What Steps are You Taking to Secure Your Business?
There are an estimated 1.7 million successful ransomware attacks each day.
What if Your Business is Compromised?
It’s easy to hope for the best and assume you will never experience a Cyber Security incident but the fact is Small and Medium Businesses are targeted twice as frequently than larger organizations. This increase in attacks is largely due to smaller businesses not having the same resources and policies in place to defend themselves. With an average cost for a data breach for small businesses exceeding $200,000, it’s easy to see why over half of businesses compromised close their doors within 12 months of an incident. Not only is there the pure financial costs involved in getting their business back up and running but it will take years to re-build the trust of your client.
Suffering a cyber security incident is simply not the kind of advertising any organization wants.
Securing Business Email & Communication
Email is still the single largest security threat for organizations of all size with over 91% of cyberattacks starting with malicious emails or phishing messages. With many workforces now being distributed across multiple locations and work from home being more common, it makes implementing proper security tools and training even more vital.
Generative AI has made creating new phishing emails that are more customized and harder to distinguish easier than ever. Since the launch of ChatGPT, the amount of phishing emails has increased by 1,265%.
There are many ways to help reduce the risk of phishing and malicious emails such as tightening spam filtering detection rules and ensuring all necessary mail security protocols such as SPF, DKIM & DMARC are implemented fully. At the end of the day, it’s the human-firewall that’s most effective. Providing ongoing training resources and testing to your team ensures they are aware of the latest threats and that security is always on their mind. At the end of the day phishing emails rely on human behavior to make a mistake due to urgency, embarrassment, confusion or some other emotion.

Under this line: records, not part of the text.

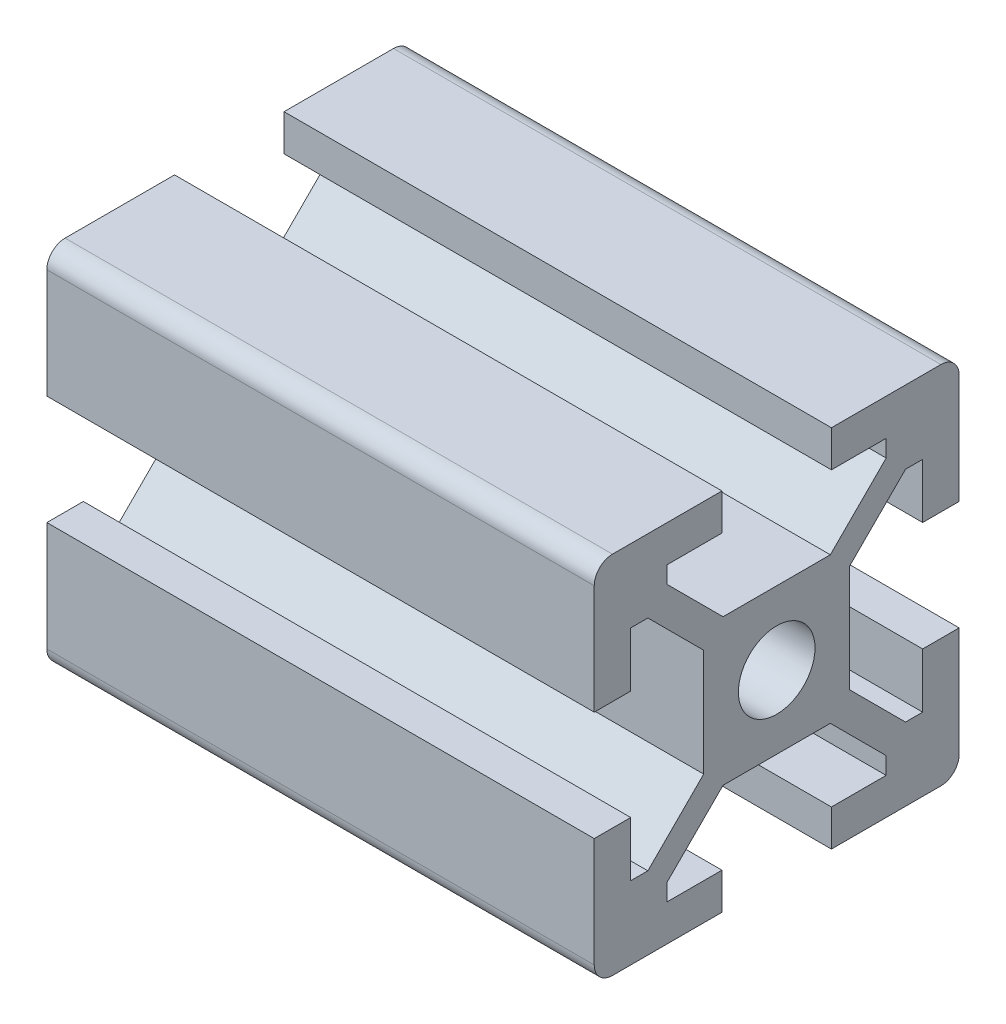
ISO-10303-21;
HEADER;
FILE_DESCRIPTION(('STEP AP214'),'2;1');
FILE_NAME('part.step','',(''),(''),'','','');
FILE_SCHEMA(('AUTOMOTIVE_DESIGN { 1 0 10303 214 1 1 1 1 }'));
ENDSEC;
DATA;
#1=APPLICATION_CONTEXT('core data for automotive mechanical design processes');
#2=APPLICATION_PROTOCOL_DEFINITION('international standard','automotive_design',2000,#1);
#3=PRODUCT_CONTEXT('',#1,'mechanical');
#4=PRODUCT('Part','Part','',(#3));
#5=PRODUCT_RELATED_PRODUCT_CATEGORY('part','',(#4));
#6=PRODUCT_DEFINITION_FORMATION('','',#4);
#7=PRODUCT_DEFINITION_CONTEXT('part definition',#1,'design');
#8=PRODUCT_DEFINITION('design','',#6,#7);
#9=PRODUCT_DEFINITION_SHAPE('','',#8);
#10=(LENGTH_UNIT() NAMED_UNIT(*) SI_UNIT(.MILLI.,.METRE.));
#11=(NAMED_UNIT(*) PLANE_ANGLE_UNIT() SI_UNIT($,.RADIAN.));
#12=(NAMED_UNIT(*) SI_UNIT($,.STERADIAN.) SOLID_ANGLE_UNIT());
#13=UNCERTAINTY_MEASURE_WITH_UNIT(LENGTH_MEASURE(1.E-05),#10,'distance_accuracy_value','');
#14=(GEOMETRIC_REPRESENTATION_CONTEXT(3) GLOBAL_UNCERTAINTY_ASSIGNED_CONTEXT((#13)) GLOBAL_UNIT_ASSIGNED_CONTEXT((#10,
#11,#12)) REPRESENTATION_CONTEXT('',''));
#15=CARTESIAN_POINT('',(0.,0.,0.));
#16=DIRECTION('',(0.,0.,1.));
#17=DIRECTION('',(1.,0.,0.));
#18=AXIS2_PLACEMENT_3D('',#15,#16,#17);
#19=CARTESIAN_POINT('',(30.,9.,9.));
#20=DIRECTION('',(1.,0.,0.));
#21=DIRECTION('',(0.,0.,-1.));
#22=AXIS2_PLACEMENT_3D('',#19,#20,#21);
#23=PLANE('',#22);
#24=CARTESIAN_POINT('',(30.,9.,9.));
#25=DIRECTION('',(1.,0.,0.));
#26=DIRECTION('',(0.,0.,-1.));
#27=AXIS2_PLACEMENT_3D('',#24,#25,#26);
#28=CIRCLE('',#27,1.);
#29=CARTESIAN_POINT('',(30.,10.,9.));
#30=VERTEX_POINT('',#29);
#31=CARTESIAN_POINT('',(30.,9.,10.));
#32=VERTEX_POINT('',#31);
#33=EDGE_CURVE('E471',#30,#32,#28,.T.);
#34=ORIENTED_EDGE('',*,*,#33,.T.);
#35=DIRECTION('',(0.,-1.,0.));
#36=VECTOR('',#35,1.);
#37=CARTESIAN_POINT('',(30.,9.,10.));
#38=LINE('',#37,#36);
#39=CARTESIAN_POINT('',(30.,3.,10.));
#40=VERTEX_POINT('',#39);
#41=EDGE_CURVE('E222',#32,#40,#38,.T.);
#42=ORIENTED_EDGE('',*,*,#41,.T.);
#43=DIRECTION('',(0.,0.,-1.));
#44=VECTOR('',#43,1.);
#45=CARTESIAN_POINT('',(30.,3.,10.));
#46=LINE('',#45,#44);
#47=CARTESIAN_POINT('',(30.,3.,8.));
#48=VERTEX_POINT('',#47);
#49=EDGE_CURVE('E609',#40,#48,#46,.T.);
#50=ORIENTED_EDGE('',*,*,#49,.T.);
#51=DIRECTION('',(0.,1.,0.));
#52=VECTOR('',#51,1.);
#53=CARTESIAN_POINT('',(30.,3.,8.));
#54=LINE('',#53,#52);
#55=CARTESIAN_POINT('',(30.,6.,8.));
#56=VERTEX_POINT('',#55);
#57=EDGE_CURVE('E630',#48,#56,#54,.T.);
#58=ORIENTED_EDGE('',*,*,#57,.T.);
#59=DIRECTION('',(0.,0.,-1.));
#60=VECTOR('',#59,1.);
#61=CARTESIAN_POINT('',(30.,6.,8.));
#62=LINE('',#61,#60);
#63=CARTESIAN_POINT('',(30.,6.,7.06066017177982));
#64=VERTEX_POINT('',#63);
#65=EDGE_CURVE('E624',#56,#64,#62,.T.);
#66=ORIENTED_EDGE('',*,*,#65,.T.);
#67=DIRECTION('',(0.,-0.707106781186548,-0.707106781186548));
#68=VECTOR('',#67,1.);
#69=CARTESIAN_POINT('',(30.,6.,7.06066017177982));
#70=LINE('',#69,#68);
#71=CARTESIAN_POINT('',(30.,2.93933982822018,4.));
#72=VERTEX_POINT('',#71);
#73=EDGE_CURVE('E627',#64,#72,#70,.T.);
#74=ORIENTED_EDGE('',*,*,#73,.T.);
#75=DIRECTION('',(0.,-1.,0.));
#76=VECTOR('',#75,1.);
#77=CARTESIAN_POINT('',(30.,2.93933982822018,4.));
#78=LINE('',#77,#76);
#79=CARTESIAN_POINT('',(30.,-2.93933982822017,4.));
#80=VERTEX_POINT('',#79);
#81=EDGE_CURVE('E626',#72,#80,#78,.T.);
#82=ORIENTED_EDGE('',*,*,#81,.T.);
#83=DIRECTION('',(0.,-0.707106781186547,0.707106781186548));
#84=VECTOR('',#83,1.);
#85=CARTESIAN_POINT('',(30.,-2.93933982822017,4.));
#86=LINE('',#85,#84);
#87=CARTESIAN_POINT('',(30.,-6.,7.06066017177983));
#88=VERTEX_POINT('',#87);
#89=EDGE_CURVE('E631',#80,#88,#86,.T.);
#90=ORIENTED_EDGE('',*,*,#89,.T.);
#91=DIRECTION('',(0.,0.,1.));
#92=VECTOR('',#91,1.);
#93=CARTESIAN_POINT('',(30.,-6.,7.06066017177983));
#94=LINE('',#93,#92);
#95=CARTESIAN_POINT('',(30.,-6.,7.99999999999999));
#96=VERTEX_POINT('',#95);
#97=EDGE_CURVE('E637',#88,#96,#94,.T.);
#98=ORIENTED_EDGE('',*,*,#97,.T.);
#99=DIRECTION('',(0.,1.,0.));
#100=VECTOR('',#99,1.);
#101=CARTESIAN_POINT('',(30.,-6.,7.99999999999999));
#102=LINE('',#101,#100);
#103=CARTESIAN_POINT('',(30.,-3.,7.99999999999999));
#104=VERTEX_POINT('',#103);
#105=EDGE_CURVE('E640',#96,#104,#102,.T.);
#106=ORIENTED_EDGE('',*,*,#105,.T.);
#107=DIRECTION('',(0.,0.,1.));
#108=VECTOR('',#107,1.);
#109=CARTESIAN_POINT('',(30.,-3.,7.99999999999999));
#110=LINE('',#109,#108);
#111=CARTESIAN_POINT('',(30.,-3.,10.));
#112=VERTEX_POINT('',#111);
#113=EDGE_CURVE('E643',#104,#112,#110,.T.);
#114=ORIENTED_EDGE('',*,*,#113,.T.);
#115=DIRECTION('',(0.,-1.,0.));
#116=VECTOR('',#115,1.);
#117=CARTESIAN_POINT('',(30.,-3.,10.));
#118=LINE('',#117,#116);
#119=CARTESIAN_POINT('',(30.,-9.,10.));
#120=VERTEX_POINT('',#119);
#121=EDGE_CURVE('E641',#112,#120,#118,.T.);
#122=ORIENTED_EDGE('',*,*,#121,.T.);
#123=CARTESIAN_POINT('',(30.,-9.,9.));
#124=DIRECTION('',(1.,0.,0.));
#125=DIRECTION('',(0.,0.,-1.));
#126=AXIS2_PLACEMENT_3D('',#123,#124,#125);
#127=CIRCLE('',#126,1.);
#128=CARTESIAN_POINT('',(30.,-10.,9.));
#129=VERTEX_POINT('',#128);
#130=EDGE_CURVE('E642',#120,#129,#127,.T.);
#131=ORIENTED_EDGE('',*,*,#130,.T.);
#132=DIRECTION('',(0.,0.,-1.));
#133=VECTOR('',#132,1.);
#134=CARTESIAN_POINT('',(30.,-10.,9.));
#135=LINE('',#134,#133);
#136=CARTESIAN_POINT('',(30.,-10.,3.));
#137=VERTEX_POINT('',#136);
#138=EDGE_CURVE('E650',#129,#137,#135,.T.);
#139=ORIENTED_EDGE('',*,*,#138,.T.);
#140=DIRECTION('',(0.,1.,0.));
#141=VECTOR('',#140,1.);
#142=CARTESIAN_POINT('',(30.,-10.,3.));
#143=LINE('',#142,#141);
#144=CARTESIAN_POINT('',(30.,-8.,3.));
#145=VERTEX_POINT('',#144);
#146=EDGE_CURVE('E647',#137,#145,#143,.T.);
#147=ORIENTED_EDGE('',*,*,#146,.T.);
#148=DIRECTION('',(0.,0.,1.));
#149=VECTOR('',#148,1.);
#150=CARTESIAN_POINT('',(30.,-8.,3.));
#151=LINE('',#150,#149);
#152=CARTESIAN_POINT('',(30.,-8.,6.));
#153=VERTEX_POINT('',#152);
#154=EDGE_CURVE('E651',#145,#153,#151,.T.);
#155=ORIENTED_EDGE('',*,*,#154,.T.);
#156=DIRECTION('',(0.,1.,0.));
#157=VECTOR('',#156,1.);
#158=CARTESIAN_POINT('',(30.,-8.,6.));
#159=LINE('',#158,#157);
#160=CARTESIAN_POINT('',(30.,-7.06066017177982,6.));
#161=VERTEX_POINT('',#160);
#162=EDGE_CURVE('E653',#153,#161,#159,.T.);
#163=ORIENTED_EDGE('',*,*,#162,.T.);
#164=DIRECTION('',(0.,0.707106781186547,-0.707106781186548));
#165=VECTOR('',#164,1.);
#166=CARTESIAN_POINT('',(30.,-7.06066017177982,6.));
#167=LINE('',#166,#165);
#168=CARTESIAN_POINT('',(30.,-4.,2.93933982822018));
#169=VERTEX_POINT('',#168);
#170=EDGE_CURVE('E654',#161,#169,#167,.T.);
#171=ORIENTED_EDGE('',*,*,#170,.T.);
#172=DIRECTION('',(0.,0.,-1.));
#173=VECTOR('',#172,1.);
#174=CARTESIAN_POINT('',(30.,-4.,2.93933982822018));
#175=LINE('',#174,#173);
#176=CARTESIAN_POINT('',(30.,-4.,-2.93933982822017));
#177=VERTEX_POINT('',#176);
#178=EDGE_CURVE('E660',#169,#177,#175,.T.);
#179=ORIENTED_EDGE('',*,*,#178,.T.);
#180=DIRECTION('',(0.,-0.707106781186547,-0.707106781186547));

A simple policy change requiring staff to always confirm significant changes through a second communication method such as in person discussion or phone call is a great way to have them stop, think and remove the urgency many scams rely on.
Ensuring staff have Multifactor Authentication (MFA) configured on all work accounts decreases the risk of them being compromised by 99%. With Office 365 it’s easy to set up conditional access policies that give even more control over who can access what data from which devices and locations.
Securing What You Don’t Know About
How confident are you that you have no accounts still active for staff who are no longer working with you? What about a full list of computers in your network and how quickly security updates are getting applied?
When looking at new security policies or tools, it’s critical to make sure you actually know what needs to be secured. If your company doesn’t maintain an accurate device inventory, list of users and permissions and keep these lists updated then those blind spots get more and more vulnerable over time and the worst part is you won’t even know if they are compromised because you didn’t have documentation on the device or account even existing.
Request a Free CyberSecurity Risk Assessment
Acadian is happy to provide a free, no commitment cybersecurity risk assessment to businesses in the greater Kingston, Belleville and Brockville regions. Your cybersecurity risk assessment will include the following key tests and action items so you can be confident of your current security posture and what steps you may want to take to reduce risk.
- Email Impersonation Report: SPF, DKIM, DMARC testing.
- Business Email Configuration Review: MFA, spam filtering, attachment & link scanning
- Website Security Scan: Host security, SSL encryption & application firewall settings.
- Leaked Credential Report: List of accounts involved in public security breaches.
- Asset Risk Report: Internal network discovery report including device age, operating system and known security vulnerabilities found.
- User Account Review: Report detailing active users and permissions for your business email or domain environment.
- Backup Policy Review & Testing: Test recovery of data from your backup system, review backup policies & report.
Updates: Speed Matters
Over 90% of security incidents are only successful because the targeted systems haven’t installed security updates that are publicly available.
Installing critical security updates as soon as they are available and making sure every device in your organization gets updated is key to staying secure.
All too many people will see the ‘restart to apply updates’ message and ignore it over and over again. We know that ‘now’ is never the right time to restart your computer. A properly implemented Remote Management & Monitoring (RMM) tool makes the process painless by applying these updates automatically outside office hours. This removes the choice from end users and gives you a clear report of device health and security across all your work systems.
Most security breaches today rely on hackers obtaining ‘Persistence’ in your network. This buys them time to scope out you entire network, find the most critical data and launch their attack at a later date. The average hacker spends 24 days in a network before being discovered.